EXERCISE DESCRIPTION - Write the entries out again exactly as they stand, but without the pictures.
-- -- --
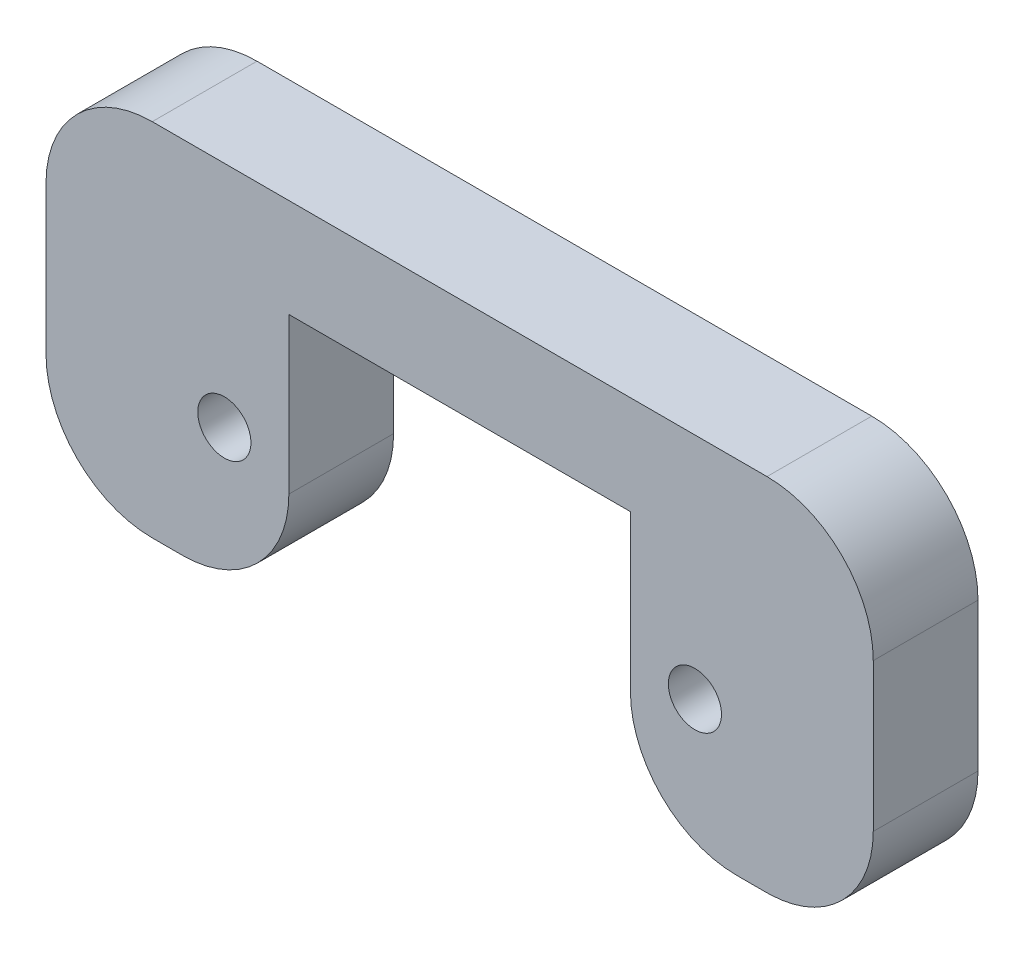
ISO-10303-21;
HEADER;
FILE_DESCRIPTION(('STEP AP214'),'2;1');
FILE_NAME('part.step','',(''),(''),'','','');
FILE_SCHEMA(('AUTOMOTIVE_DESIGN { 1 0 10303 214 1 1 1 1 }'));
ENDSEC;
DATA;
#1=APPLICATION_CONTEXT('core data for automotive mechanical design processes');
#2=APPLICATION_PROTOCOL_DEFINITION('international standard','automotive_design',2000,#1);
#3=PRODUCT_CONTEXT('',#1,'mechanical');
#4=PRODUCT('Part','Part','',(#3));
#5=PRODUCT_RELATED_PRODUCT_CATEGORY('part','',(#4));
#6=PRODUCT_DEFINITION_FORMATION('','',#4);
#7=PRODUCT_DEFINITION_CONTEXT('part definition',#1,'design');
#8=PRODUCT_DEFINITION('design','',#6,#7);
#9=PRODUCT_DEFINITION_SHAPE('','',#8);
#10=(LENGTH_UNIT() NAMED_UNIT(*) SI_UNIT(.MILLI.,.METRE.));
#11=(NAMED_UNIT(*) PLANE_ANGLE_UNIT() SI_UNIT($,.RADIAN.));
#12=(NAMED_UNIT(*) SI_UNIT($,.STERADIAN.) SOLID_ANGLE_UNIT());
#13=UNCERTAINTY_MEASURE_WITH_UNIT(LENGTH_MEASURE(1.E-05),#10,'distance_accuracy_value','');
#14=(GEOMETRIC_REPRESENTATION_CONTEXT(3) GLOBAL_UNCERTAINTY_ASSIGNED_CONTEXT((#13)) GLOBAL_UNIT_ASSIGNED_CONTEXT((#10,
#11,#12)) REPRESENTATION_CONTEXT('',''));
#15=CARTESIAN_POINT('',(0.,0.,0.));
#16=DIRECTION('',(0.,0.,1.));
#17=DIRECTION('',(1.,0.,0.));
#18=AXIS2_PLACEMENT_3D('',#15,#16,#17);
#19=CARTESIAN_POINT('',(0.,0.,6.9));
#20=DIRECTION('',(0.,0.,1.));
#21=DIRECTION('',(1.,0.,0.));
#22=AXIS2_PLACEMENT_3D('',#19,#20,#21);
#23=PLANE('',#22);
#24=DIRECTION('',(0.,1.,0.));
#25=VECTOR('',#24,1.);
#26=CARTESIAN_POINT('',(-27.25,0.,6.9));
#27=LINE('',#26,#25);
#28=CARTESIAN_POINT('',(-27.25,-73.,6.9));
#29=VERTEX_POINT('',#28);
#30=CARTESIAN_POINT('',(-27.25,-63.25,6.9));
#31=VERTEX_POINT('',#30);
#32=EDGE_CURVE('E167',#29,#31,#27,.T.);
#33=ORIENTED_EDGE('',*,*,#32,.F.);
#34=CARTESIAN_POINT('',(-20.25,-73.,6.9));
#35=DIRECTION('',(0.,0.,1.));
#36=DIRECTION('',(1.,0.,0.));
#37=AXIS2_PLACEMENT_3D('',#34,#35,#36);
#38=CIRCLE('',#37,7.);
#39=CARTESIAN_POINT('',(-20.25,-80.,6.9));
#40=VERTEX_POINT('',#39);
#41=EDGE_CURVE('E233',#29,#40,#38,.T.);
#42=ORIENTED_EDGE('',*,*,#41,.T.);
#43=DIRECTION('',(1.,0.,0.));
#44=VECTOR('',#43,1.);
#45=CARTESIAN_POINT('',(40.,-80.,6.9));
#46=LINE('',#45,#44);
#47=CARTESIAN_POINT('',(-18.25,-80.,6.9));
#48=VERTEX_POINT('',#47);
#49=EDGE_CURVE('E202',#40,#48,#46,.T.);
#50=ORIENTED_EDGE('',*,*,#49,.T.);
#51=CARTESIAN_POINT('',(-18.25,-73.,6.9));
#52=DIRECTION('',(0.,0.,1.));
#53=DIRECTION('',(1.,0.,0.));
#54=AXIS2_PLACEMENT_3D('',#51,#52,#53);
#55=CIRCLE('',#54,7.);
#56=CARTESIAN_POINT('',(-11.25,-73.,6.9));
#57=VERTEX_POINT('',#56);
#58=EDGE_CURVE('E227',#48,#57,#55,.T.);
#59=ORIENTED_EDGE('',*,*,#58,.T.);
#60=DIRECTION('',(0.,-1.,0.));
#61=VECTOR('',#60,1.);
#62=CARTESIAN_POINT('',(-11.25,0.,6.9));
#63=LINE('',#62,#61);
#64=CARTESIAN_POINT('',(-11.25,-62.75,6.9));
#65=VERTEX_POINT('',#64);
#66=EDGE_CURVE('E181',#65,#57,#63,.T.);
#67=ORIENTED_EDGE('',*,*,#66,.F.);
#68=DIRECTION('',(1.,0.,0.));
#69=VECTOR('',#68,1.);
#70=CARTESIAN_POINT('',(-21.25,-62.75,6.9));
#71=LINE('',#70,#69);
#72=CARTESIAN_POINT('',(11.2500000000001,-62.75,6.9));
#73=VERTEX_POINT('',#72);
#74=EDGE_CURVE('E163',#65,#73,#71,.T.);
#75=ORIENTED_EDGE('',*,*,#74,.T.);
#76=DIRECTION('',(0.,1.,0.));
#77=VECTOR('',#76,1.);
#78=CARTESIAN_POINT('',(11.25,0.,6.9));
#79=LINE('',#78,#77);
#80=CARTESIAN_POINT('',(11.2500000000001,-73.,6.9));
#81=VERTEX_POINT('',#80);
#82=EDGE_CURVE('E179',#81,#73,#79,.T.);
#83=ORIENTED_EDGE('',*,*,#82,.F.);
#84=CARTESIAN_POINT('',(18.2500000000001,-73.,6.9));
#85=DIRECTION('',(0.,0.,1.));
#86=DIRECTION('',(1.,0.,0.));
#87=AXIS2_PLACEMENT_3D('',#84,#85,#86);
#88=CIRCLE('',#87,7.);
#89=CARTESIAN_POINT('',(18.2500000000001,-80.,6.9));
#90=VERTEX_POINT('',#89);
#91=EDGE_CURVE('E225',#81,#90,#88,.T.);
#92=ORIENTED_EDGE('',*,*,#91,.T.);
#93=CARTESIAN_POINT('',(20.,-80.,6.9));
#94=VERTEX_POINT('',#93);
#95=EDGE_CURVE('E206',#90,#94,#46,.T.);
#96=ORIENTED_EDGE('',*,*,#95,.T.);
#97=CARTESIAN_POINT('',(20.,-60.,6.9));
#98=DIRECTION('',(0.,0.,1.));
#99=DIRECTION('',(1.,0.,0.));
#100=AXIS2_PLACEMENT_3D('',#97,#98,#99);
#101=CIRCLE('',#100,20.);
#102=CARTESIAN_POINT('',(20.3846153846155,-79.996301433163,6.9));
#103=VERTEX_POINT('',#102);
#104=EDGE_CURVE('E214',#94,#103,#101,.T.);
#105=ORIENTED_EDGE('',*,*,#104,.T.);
-- -- --
TASK RESULT -
ISO-10303-21;
HEADER;
FILE_DESCRIPTION(('STEP AP214'),'2;1');
FILE_NAME('part.step','',(''),(''),'','','');
FILE_SCHEMA(('AUTOMOTIVE_DESIGN { 1 0 10303 214 1 1 1 1 }'));
ENDSEC;
DATA;
#1=APPLICATION_CONTEXT('core data for automotive mechanical design processes');
#2=APPLICATION_PROTOCOL_DEFINITION('international standard','automotive_design',2000,#1);
#3=PRODUCT_CONTEXT('',#1,'mechanical');
#4=PRODUCT('Part','Part','',(#3));
#5=PRODUCT_RELATED_PRODUCT_CATEGORY('part','',(#4));
#6=PRODUCT_DEFINITION_FORMATION('','',#4);
#7=PRODUCT_DEFINITION_CONTEXT('part definition',#1,'design');
#8=PRODUCT_DEFINITION('design','',#6,#7);
#9=PRODUCT_DEFINITION_SHAPE('','',#8);
#10=(LENGTH_UNIT() NAMED_UNIT(*) SI_UNIT(.MILLI.,.METRE.));
#11=(NAMED_UNIT(*) PLANE_ANGLE_UNIT() SI_UNIT($,.RADIAN.));
#12=(NAMED_UNIT(*) SI_UNIT($,.STERADIAN.) SOLID_ANGLE_UNIT());
#13=UNCERTAINTY_MEASURE_WITH_UNIT(LENGTH_MEASURE(1.E-05),#10,'distance_accuracy_value','');
#14=(GEOMETRIC_REPRESENTATION_CONTEXT(3) GLOBAL_UNCERTAINTY_ASSIGNED_CONTEXT((#13)) GLOBAL_UNIT_ASSIGNED_CONTEXT((#10,
#11,#12)) REPRESENTATION_CONTEXT('',''));
#15=CARTESIAN_POINT('',(0.,0.,0.));
#16=DIRECTION('',(0.,0.,1.));
#17=DIRECTION('',(1.,0.,0.));
#18=AXIS2_PLACEMENT_3D('',#15,#16,#17);
#19=CARTESIAN_POINT('',(0.,0.,6.9));
#20=DIRECTION('',(0.,0.,1.));
#21=DIRECTION('',(1.,0.,0.));
#22=AXIS2_PLACEMENT_3D('',#19,#20,#21);
#23=PLANE('',#22);
#24=DIRECTION('',(0.,1.,0.));
#25=VECTOR('',#24,1.);
#26=CARTESIAN_POINT('',(-27.25,0.,6.9));
#27=LINE('',#26,#25);
#28=CARTESIAN_POINT('',(-27.25,-73.,6.9));
#29=VERTEX_POINT('',#28);
#30=CARTESIAN_POINT('',(-27.25,-63.25,6.9));
#31=VERTEX_POINT('',#30);
#32=EDGE_CURVE('E167',#29,#31,#27,.T.);
#33=ORIENTED_EDGE('',*,*,#32,.F.);
#34=CARTESIAN_POINT('',(-20.25,-73.,6.9));
#35=DIRECTION('',(0.,0.,1.));
#36=DIRECTION('',(1.,0.,0.));
#37=AXIS2_PLACEMENT_3D('',#34,#35,#36);
#38=CIRCLE('',#37,7.);
#39=CARTESIAN_POINT('',(-20.25,-80.,6.9));
#40=VERTEX_POINT('',#39);
#41=EDGE_CURVE('E233',#29,#40,#38,.T.);
#42=ORIENTED_EDGE('',*,*,#41,.T.);
#43=DIRECTION('',(1.,0.,0.));
#44=VECTOR('',#43,1.);
#45=CARTESIAN_POINT('',(40.,-80.,6.9));
#46=LINE('',#45,#44);
#47=CARTESIAN_POINT('',(-18.25,-80.,6.9));
#48=VERTEX_POINT('',#47);
#49=EDGE_CURVE('E202',#40,#48,#46,.T.);
#50=ORIENTED_EDGE('',*,*,#49,.T.);
#51=CARTESIAN_POINT('',(-18.25,-73.,6.9));
#52=DIRECTION('',(0.,0.,1.));
#53=DIRECTION('',(1.,0.,0.));
#54=AXIS2_PLACEMENT_3D('',#51,#52,#53);
#55=CIRCLE('',#54,7.);
#56=CARTESIAN_POINT('',(-11.25,-73.,6.9));
#57=VERTEX_POINT('',#56);
#58=EDGE_CURVE('E227',#48,#57,#55,.T.);
#59=ORIENTED_EDGE('',*,*,#58,.T.);
#60=DIRECTION('',(0.,-1.,0.));
#61=VECTOR('',#60,1.);
#62=CARTESIAN_POINT('',(-11.25,0.,6.9));
#63=LINE('',#62,#61);
#64=CARTESIAN_POINT('',(-11.25,-62.75,6.9));
#65=VERTEX_POINT('',#64);
#66=EDGE_CURVE('E181',#65,#57,#63,.T.);
#67=ORIENTED_EDGE('',*,*,#66,.F.);
#68=DIRECTION('',(1.,0.,0.));
#69=VECTOR('',#68,1.);
#70=CARTESIAN_POINT('',(-21.25,-62.75,6.9));
#71=LINE('',#70,#69);
#72=CARTESIAN_POINT('',(11.2500000000001,-62.75,6.9));
#73=VERTEX_POINT('',#72);
#74=EDGE_CURVE('E163',#65,#73,#71,.T.);
#75=ORIENTED_EDGE('',*,*,#74,.T.);
#76=DIRECTION('',(0.,1.,0.));
#77=VECTOR('',#76,1.);
#78=CARTESIAN_POINT('',(11.25,0.,6.9));
#79=LINE('',#78,#77);
#80=CARTESIAN_POINT('',(11.2500000000001,-73.,6.9));
#81=VERTEX_POINT('',#80);
#82=EDGE_CURVE('E179',#81,#73,#79,.T.);
#83=ORIENTED_EDGE('',*,*,#82,.F.);
#84=CARTESIAN_POINT('',(18.2500000000001,-73.,6.9));
#85=DIRECTION('',(0.,0.,1.));
#86=DIRECTION('',(1.,0.,0.));
#87=AXIS2_PLACEMENT_3D('',#84,#85,#86);
#88=CIRCLE('',#87,7.);
#89=CARTESIAN_POINT('',(18.2500000000001,-80.,6.9));
#90=VERTEX_POINT('',#89);
#91=EDGE_CURVE('E225',#81,#90,#88,.T.);
#92=ORIENTED_EDGE('',*,*,#91,.T.);
#93=CARTESIAN_POINT('',(20.,-80.,6.9));
#94=VERTEX_POINT('',#93);
#95=EDGE_CURVE('E206',#90,#94,#46,.T.);
#96=ORIENTED_EDGE('',*,*,#95,.T.);
#97=CARTESIAN_POINT('',(20.,-60.,6.9));
#98=DIRECTION('',(0.,0.,1.));
#99=DIRECTION('',(1.,0.,0.));
#100=AXIS2_PLACEMENT_3D('',#97,#98,#99);
#101=CIRCLE('',#100,20.);
#102=CARTESIAN_POINT('',(20.3846153846155,-79.996301433163,6.9));
#103=VERTEX_POINT('',#102);
#104=EDGE_CURVE('E214',#94,#103,#101,.T.);
#105=ORIENTED_EDGE('',*,*,#104,.T.);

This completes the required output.